The problem
Search the records for the word "schematic" and pick out every line that has it.

** Opening Material provided block **

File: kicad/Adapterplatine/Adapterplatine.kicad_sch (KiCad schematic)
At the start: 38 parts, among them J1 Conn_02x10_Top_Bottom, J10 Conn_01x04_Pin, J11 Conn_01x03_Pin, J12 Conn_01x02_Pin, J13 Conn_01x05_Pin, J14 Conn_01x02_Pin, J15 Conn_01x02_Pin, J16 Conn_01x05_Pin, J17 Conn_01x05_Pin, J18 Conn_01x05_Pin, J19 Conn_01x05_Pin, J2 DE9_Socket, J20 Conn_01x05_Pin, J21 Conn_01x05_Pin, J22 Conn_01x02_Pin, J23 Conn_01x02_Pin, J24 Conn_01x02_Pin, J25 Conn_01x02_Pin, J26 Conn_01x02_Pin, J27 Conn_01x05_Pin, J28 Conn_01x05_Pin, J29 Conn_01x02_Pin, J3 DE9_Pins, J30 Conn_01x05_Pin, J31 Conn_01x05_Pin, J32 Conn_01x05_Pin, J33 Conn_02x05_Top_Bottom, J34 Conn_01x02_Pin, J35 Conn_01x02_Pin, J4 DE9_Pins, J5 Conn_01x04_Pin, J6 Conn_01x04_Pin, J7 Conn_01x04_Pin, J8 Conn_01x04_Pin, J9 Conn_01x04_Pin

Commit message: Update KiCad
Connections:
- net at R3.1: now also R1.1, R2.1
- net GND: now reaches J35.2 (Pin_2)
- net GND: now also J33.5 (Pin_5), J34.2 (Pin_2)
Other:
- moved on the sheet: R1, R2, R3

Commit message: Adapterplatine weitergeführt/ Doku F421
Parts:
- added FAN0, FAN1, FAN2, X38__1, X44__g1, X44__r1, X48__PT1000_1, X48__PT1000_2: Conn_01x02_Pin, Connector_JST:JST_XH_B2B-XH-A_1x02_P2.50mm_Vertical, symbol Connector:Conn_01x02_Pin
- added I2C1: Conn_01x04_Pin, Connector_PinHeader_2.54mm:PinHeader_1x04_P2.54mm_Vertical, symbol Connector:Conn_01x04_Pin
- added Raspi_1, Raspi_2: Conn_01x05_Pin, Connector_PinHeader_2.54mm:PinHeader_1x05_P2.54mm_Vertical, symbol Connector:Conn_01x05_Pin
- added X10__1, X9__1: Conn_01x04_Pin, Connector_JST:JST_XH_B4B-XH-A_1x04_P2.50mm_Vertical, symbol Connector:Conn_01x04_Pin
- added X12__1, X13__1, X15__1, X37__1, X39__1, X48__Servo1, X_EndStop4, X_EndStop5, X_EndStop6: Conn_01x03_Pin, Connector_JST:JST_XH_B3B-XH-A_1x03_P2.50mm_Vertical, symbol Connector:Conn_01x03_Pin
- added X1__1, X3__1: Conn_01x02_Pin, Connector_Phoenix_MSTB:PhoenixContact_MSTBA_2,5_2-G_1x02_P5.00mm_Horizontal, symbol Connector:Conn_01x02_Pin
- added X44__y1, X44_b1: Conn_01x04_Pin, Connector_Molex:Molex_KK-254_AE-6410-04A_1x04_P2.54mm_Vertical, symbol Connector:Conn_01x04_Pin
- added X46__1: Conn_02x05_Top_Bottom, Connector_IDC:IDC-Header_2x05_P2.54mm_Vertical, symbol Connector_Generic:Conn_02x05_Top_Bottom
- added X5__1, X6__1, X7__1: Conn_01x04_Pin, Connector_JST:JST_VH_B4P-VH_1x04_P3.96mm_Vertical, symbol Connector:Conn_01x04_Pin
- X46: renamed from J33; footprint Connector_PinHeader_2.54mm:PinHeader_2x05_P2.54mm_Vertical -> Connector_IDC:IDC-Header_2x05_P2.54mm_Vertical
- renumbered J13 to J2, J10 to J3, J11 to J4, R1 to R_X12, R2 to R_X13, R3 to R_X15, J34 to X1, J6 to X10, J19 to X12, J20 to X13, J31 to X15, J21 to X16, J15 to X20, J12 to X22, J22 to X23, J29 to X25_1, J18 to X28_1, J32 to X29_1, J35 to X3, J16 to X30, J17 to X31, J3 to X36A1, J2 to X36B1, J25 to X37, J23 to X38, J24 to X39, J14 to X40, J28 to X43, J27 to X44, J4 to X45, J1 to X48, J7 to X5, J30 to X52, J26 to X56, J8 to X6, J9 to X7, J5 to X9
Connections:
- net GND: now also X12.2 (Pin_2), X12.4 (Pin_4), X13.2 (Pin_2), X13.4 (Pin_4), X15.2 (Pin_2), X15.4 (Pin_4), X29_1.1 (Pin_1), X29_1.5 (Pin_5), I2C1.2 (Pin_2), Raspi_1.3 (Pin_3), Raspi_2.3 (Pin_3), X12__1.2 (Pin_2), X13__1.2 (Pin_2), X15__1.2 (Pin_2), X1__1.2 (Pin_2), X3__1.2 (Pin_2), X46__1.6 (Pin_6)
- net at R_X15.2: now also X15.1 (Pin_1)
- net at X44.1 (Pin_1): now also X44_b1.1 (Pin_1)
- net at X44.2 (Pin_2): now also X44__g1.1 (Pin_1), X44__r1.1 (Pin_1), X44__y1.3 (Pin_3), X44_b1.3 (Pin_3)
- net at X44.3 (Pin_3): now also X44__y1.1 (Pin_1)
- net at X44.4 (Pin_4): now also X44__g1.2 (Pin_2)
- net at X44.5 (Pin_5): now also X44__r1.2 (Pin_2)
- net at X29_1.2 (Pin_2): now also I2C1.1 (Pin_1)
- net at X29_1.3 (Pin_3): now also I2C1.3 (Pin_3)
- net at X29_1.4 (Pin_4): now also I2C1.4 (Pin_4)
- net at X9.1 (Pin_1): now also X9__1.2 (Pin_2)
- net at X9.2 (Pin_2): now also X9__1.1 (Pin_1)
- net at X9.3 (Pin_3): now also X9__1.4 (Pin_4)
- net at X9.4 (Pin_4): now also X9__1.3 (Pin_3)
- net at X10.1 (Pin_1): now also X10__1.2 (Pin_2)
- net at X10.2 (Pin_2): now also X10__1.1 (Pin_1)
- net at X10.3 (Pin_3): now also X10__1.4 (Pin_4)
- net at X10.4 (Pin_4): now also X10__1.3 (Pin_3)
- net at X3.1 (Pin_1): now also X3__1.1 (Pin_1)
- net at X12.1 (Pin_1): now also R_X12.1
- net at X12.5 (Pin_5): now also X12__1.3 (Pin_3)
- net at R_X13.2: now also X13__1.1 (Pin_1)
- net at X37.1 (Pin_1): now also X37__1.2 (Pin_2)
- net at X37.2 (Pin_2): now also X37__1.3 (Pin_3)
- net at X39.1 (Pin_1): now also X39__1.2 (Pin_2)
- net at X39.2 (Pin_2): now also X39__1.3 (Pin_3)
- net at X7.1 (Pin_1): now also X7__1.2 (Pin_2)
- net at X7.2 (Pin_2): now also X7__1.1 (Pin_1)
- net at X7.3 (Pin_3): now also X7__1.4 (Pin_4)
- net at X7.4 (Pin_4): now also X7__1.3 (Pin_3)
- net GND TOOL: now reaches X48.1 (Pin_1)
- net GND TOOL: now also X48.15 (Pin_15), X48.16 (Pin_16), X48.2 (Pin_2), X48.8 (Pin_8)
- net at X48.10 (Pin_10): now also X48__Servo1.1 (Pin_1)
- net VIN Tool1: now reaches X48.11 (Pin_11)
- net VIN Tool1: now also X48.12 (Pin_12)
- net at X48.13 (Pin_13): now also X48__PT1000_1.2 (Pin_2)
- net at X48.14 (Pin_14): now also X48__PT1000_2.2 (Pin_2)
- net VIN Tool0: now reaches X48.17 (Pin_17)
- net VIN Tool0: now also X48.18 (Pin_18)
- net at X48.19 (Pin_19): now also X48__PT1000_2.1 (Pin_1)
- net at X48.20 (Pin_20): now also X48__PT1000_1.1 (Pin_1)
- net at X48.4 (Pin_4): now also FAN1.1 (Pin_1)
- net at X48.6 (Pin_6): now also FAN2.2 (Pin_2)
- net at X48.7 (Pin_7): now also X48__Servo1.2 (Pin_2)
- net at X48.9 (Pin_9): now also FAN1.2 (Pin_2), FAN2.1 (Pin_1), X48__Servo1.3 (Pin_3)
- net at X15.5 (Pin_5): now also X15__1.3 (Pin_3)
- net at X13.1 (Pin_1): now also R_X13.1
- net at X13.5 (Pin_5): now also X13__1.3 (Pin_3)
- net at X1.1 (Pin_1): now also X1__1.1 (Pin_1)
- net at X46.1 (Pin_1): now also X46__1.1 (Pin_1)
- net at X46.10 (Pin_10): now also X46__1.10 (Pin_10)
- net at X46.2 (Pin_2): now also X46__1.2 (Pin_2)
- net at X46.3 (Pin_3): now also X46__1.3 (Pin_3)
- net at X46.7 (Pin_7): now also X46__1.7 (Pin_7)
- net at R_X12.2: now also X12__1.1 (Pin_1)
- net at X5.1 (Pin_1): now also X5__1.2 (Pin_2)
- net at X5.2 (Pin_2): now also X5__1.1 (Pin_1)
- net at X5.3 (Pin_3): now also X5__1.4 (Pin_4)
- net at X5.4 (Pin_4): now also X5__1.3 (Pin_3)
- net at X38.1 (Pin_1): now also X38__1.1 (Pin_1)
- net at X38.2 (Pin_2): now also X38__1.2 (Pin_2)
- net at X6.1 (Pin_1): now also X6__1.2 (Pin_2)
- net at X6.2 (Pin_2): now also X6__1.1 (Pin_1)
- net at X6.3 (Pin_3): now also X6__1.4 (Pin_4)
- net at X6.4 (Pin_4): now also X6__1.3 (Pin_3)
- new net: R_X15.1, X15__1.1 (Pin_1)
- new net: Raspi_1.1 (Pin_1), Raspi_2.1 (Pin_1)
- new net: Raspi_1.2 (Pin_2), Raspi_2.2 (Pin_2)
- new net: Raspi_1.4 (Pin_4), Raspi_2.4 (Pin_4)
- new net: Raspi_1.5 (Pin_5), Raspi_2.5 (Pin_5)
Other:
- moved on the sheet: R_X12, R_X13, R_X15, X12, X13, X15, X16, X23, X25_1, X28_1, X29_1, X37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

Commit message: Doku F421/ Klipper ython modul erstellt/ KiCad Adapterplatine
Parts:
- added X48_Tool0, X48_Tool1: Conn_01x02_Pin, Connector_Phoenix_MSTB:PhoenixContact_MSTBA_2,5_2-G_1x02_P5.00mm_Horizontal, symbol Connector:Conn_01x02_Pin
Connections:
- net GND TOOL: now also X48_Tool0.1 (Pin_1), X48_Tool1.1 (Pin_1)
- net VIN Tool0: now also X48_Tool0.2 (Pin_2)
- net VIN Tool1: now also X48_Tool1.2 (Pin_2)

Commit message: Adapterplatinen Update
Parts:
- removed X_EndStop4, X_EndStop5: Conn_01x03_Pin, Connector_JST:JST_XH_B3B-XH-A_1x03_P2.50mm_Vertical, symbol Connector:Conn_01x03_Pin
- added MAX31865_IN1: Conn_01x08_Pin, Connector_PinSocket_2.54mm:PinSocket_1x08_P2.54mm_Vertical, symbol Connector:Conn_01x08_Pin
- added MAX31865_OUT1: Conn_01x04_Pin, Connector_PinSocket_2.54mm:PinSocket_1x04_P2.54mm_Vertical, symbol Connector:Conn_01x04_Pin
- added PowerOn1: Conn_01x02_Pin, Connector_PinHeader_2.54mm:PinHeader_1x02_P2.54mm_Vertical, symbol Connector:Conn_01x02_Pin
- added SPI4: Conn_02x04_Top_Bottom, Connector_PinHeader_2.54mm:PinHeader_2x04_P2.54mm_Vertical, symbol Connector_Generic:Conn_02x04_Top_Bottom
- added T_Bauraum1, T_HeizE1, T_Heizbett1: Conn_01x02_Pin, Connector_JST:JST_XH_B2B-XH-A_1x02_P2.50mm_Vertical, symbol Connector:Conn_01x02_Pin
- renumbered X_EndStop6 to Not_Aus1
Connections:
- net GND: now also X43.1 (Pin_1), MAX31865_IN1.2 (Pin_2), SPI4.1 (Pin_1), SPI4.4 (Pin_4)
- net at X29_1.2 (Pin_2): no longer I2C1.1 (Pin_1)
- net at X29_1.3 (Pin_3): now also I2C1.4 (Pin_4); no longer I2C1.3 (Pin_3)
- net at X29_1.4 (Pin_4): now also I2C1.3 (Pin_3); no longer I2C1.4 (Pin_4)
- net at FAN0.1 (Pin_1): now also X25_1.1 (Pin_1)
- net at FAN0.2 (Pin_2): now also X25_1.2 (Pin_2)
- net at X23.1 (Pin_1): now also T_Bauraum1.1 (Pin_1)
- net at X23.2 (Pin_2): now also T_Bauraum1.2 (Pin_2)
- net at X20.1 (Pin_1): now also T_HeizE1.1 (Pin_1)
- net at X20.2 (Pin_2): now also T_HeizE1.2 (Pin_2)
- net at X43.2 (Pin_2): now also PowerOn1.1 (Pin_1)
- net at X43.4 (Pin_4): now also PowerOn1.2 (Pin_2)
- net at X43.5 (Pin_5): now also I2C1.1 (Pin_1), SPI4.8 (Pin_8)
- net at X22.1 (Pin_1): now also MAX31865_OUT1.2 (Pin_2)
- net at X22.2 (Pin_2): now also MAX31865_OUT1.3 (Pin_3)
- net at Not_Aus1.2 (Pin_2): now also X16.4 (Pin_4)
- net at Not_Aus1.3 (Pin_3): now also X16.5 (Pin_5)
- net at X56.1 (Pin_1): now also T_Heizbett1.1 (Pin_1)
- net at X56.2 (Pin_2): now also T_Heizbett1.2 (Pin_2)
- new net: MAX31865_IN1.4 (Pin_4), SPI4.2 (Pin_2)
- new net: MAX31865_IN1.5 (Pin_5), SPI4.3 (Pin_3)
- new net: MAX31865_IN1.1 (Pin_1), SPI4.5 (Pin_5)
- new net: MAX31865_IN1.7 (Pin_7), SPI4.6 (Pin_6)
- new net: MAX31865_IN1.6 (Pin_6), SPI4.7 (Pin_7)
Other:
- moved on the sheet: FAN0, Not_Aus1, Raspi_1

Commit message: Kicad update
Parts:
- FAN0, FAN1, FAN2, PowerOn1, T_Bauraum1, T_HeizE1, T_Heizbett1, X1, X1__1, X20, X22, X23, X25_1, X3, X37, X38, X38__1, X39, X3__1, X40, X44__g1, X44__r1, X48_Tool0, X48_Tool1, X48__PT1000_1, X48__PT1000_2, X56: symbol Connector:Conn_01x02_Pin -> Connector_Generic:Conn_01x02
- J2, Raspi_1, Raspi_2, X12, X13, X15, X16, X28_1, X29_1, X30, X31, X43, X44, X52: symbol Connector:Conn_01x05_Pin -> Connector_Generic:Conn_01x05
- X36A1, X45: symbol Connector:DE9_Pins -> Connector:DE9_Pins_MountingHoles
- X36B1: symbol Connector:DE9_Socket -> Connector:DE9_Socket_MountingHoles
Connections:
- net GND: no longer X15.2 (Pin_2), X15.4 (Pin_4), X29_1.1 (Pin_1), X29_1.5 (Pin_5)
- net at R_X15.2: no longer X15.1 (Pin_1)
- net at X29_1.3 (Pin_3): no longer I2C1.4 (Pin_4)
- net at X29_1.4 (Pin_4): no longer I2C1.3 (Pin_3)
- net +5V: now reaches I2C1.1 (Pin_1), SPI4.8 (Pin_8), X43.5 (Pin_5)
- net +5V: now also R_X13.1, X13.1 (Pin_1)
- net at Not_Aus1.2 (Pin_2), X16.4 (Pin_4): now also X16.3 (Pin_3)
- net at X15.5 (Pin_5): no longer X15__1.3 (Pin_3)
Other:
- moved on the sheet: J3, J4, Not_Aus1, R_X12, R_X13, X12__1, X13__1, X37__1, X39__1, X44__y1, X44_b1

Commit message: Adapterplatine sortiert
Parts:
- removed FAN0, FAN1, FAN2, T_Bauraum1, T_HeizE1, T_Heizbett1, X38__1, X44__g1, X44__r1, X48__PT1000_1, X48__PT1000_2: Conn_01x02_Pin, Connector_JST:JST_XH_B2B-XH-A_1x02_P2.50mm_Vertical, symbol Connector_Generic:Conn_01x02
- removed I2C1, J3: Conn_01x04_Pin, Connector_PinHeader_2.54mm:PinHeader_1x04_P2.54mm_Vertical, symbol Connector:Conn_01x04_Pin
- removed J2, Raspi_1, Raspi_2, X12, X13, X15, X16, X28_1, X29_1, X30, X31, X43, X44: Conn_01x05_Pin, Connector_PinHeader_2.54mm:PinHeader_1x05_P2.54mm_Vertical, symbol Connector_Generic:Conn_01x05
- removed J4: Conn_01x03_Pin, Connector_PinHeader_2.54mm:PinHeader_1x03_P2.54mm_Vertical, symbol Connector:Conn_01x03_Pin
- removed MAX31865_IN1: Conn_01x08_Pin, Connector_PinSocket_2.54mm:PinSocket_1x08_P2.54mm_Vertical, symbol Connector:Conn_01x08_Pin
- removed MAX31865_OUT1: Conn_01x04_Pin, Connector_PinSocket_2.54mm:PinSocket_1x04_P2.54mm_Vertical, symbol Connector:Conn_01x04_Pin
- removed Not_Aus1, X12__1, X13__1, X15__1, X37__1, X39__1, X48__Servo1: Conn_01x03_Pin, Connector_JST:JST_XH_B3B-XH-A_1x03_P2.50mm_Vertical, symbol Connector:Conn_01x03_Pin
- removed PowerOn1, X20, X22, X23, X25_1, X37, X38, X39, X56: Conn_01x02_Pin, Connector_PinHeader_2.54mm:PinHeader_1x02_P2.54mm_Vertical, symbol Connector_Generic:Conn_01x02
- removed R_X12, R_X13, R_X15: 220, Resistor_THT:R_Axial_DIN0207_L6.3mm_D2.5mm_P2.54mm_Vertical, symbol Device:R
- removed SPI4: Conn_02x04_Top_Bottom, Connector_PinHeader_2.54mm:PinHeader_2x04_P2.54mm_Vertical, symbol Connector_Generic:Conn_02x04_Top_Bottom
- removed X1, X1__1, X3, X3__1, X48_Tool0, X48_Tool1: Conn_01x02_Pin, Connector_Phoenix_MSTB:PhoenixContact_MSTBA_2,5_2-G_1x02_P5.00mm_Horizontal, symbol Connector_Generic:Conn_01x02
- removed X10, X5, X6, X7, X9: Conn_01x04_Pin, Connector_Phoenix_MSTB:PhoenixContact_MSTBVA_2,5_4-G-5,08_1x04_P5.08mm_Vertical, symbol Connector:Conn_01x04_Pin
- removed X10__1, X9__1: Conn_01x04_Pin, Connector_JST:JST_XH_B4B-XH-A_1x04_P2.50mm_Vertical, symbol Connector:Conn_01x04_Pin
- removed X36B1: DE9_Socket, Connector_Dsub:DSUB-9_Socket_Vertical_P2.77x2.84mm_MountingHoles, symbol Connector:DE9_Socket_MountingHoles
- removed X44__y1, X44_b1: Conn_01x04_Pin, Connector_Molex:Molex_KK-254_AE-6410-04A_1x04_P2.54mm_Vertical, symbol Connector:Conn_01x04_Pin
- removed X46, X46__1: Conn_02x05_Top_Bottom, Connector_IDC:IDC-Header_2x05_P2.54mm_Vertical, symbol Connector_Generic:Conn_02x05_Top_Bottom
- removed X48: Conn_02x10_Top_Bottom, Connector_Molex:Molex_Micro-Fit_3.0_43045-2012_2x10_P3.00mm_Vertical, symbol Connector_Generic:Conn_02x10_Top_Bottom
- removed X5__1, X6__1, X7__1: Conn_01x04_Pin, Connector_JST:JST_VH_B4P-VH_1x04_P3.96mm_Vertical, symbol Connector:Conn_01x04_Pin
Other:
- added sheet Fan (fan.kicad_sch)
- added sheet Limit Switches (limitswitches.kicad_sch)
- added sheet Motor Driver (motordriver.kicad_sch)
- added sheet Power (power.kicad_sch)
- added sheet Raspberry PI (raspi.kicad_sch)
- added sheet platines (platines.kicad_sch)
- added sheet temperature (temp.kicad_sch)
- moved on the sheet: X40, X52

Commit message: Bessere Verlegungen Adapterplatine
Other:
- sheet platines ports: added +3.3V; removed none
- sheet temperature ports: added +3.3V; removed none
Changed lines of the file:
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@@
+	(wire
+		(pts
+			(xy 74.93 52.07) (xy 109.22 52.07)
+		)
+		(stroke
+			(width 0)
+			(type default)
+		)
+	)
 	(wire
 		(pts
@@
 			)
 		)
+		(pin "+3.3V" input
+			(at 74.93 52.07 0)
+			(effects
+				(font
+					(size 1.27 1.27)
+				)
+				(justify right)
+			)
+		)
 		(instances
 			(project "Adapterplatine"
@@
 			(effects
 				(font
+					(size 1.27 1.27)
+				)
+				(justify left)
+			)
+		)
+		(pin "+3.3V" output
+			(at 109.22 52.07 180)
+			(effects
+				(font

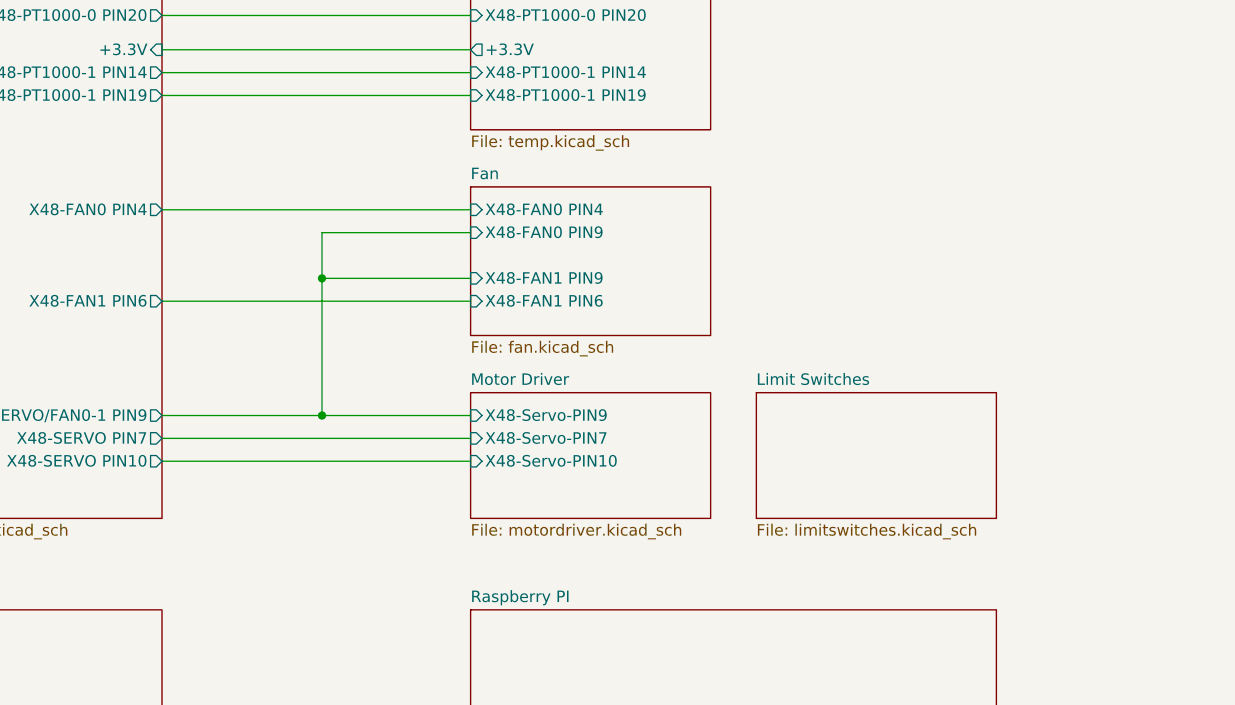
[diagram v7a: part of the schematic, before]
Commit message: Einbau Vakuum Pumpe/ Einzeichnung Kraken benutze Pins
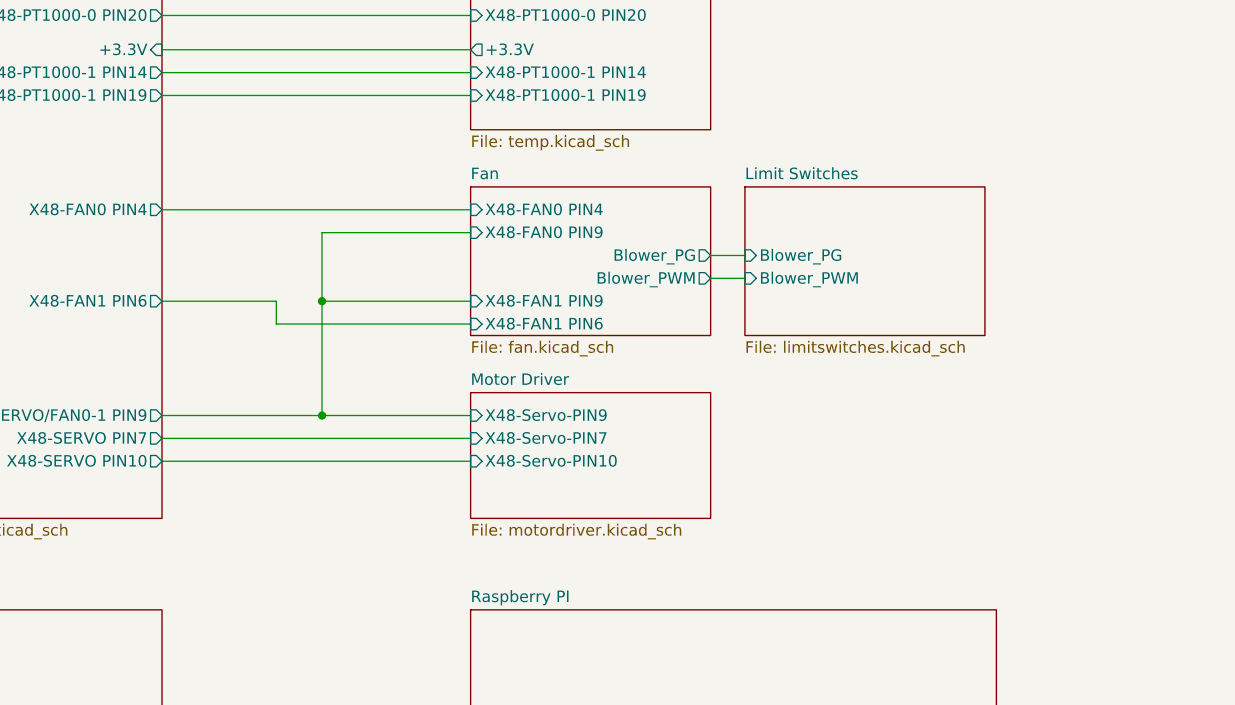
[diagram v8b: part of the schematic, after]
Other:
- sheet Fan ports: added Blower_PG, Blower_PWM; removed none
- sheet Limit Switches ports: added Blower_PG, Blower_PWM; removed none
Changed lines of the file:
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@@
 	(paper "A4")
-	(junction
-		(at 92.71 77.47)
-		(diameter 0)
-		(color 0 0 0 0)
-	)
 	(junction
 		(at 92.71 92.71)
@@
 		(color 0 0 0 0)
 	)
+	(junction
+		(at 92.71 80.01)
+		(diameter 0)
+		(color 0 0 0 0)
+	)
+	(wire
+		(pts
+			(xy 135.89 74.93) (xy 139.7 74.93)
+		)
+		(stroke
+			(width 0)
+			(type default)
+		)
+	)
+	(wire
+		(pts
+			(xy 92.71 80.01) (xy 92.71 92.71)
+		)
+		(stroke
+			(width 0)
+			(type default)
+		)
+	)
 	(wire
 		(pts
@@
 	(wire
 		(pts
-			(xy 92.71 77.47) (xy 109.22 77.47)
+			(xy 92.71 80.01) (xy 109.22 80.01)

** Closing Material provided block **

Exercise answer
File: kicad/Adapterplatine/Adapterplatine.kicad_sch (KiCad schematic)
[diagram v7a: part of the schematic, before]
[diagram v8b: part of the schematic, after]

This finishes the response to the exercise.